= Ara de Trajano =

The Ara de Trajano is a Roman inscription made on a granite boulder located in Caldas das Taipas, Braga District, Portugal with an honorific inscription to Trajan, dated 103. It was classified as a Monumento Nacional(National Monument) by the Decreto of 16–06–1910, Diário do Governo, No. 136, of 23–06–1910.

It is also known as Lápide das Taipas, Ara de Nerva or Penedo da Moura.

The inscription is on one of the faces of a granite block cut into three faces, each of them approximately three meters high. The inscription reads:IMP(ERATOR) CAES(AR) NERVA/ TRAIANVS AVG(VSTVS), GER(MANICVS), DAC(ICVS)/ POT(IFEX) MAX(IMVS), TRIB(VNITIA) POT(ESTATE) VII/ IMP(ERATOR) IIII CO(N)S(UL) V, P(ATER) P(ATRIAE)]
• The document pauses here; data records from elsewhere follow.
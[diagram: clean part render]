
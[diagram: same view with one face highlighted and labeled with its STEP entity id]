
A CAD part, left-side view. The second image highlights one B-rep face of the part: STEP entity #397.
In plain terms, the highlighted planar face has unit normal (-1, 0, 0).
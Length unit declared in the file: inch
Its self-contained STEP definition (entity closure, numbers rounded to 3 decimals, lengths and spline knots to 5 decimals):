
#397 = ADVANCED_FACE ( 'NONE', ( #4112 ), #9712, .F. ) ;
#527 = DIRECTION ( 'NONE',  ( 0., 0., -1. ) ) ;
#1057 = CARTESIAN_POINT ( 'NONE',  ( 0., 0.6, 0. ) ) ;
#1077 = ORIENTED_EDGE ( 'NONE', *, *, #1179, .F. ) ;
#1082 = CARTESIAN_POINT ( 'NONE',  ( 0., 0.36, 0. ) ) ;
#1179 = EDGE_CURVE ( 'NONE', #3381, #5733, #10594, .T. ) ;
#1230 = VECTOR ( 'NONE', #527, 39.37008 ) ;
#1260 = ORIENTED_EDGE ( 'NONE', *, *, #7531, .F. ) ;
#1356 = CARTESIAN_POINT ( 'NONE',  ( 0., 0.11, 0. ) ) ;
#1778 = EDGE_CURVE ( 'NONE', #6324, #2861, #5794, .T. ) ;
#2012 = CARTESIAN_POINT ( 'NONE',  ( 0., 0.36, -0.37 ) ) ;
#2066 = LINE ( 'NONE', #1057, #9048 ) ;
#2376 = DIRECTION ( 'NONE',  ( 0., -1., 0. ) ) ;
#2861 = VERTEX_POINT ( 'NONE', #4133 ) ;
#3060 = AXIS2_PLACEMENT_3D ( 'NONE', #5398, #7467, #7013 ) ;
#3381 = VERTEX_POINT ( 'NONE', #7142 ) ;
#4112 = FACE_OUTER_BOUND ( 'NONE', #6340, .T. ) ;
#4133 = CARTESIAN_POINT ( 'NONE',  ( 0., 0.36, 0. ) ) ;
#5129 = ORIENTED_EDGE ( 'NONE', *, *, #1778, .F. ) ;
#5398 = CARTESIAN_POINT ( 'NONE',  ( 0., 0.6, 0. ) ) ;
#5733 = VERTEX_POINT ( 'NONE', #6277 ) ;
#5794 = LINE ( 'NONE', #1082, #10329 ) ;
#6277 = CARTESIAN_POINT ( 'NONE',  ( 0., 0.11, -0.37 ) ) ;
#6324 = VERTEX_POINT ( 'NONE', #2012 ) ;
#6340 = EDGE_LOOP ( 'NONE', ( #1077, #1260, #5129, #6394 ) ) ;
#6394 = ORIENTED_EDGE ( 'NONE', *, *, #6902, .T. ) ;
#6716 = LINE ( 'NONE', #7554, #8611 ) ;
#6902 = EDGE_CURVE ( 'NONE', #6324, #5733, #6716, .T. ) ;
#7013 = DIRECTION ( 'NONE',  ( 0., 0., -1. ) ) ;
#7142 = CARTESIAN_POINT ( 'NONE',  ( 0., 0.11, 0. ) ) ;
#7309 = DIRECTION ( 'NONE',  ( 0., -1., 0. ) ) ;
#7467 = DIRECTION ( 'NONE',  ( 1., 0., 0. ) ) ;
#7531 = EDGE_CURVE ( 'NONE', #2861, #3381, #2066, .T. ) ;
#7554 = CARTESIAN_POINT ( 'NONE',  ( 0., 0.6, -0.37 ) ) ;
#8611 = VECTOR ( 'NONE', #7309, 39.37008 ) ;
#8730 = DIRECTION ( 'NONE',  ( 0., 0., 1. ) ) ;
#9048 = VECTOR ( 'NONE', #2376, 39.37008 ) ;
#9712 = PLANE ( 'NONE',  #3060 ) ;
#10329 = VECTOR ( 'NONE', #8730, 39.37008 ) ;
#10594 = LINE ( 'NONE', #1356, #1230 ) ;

("Emperor Caesar Nerva Trajan, Augustus, Germanicus, Dacicus, Pontiff Maximus, with the tribune power for the seventh time, Emperor for the fourth time, Consul for the fifth time, Father of the Fatherland").

== Trivia ==

- This monument was honored by the opening of a Unidade de Saúde Familiar (Family Medical Clinic) in Caldas das Taipas, USF Ara de Trajano.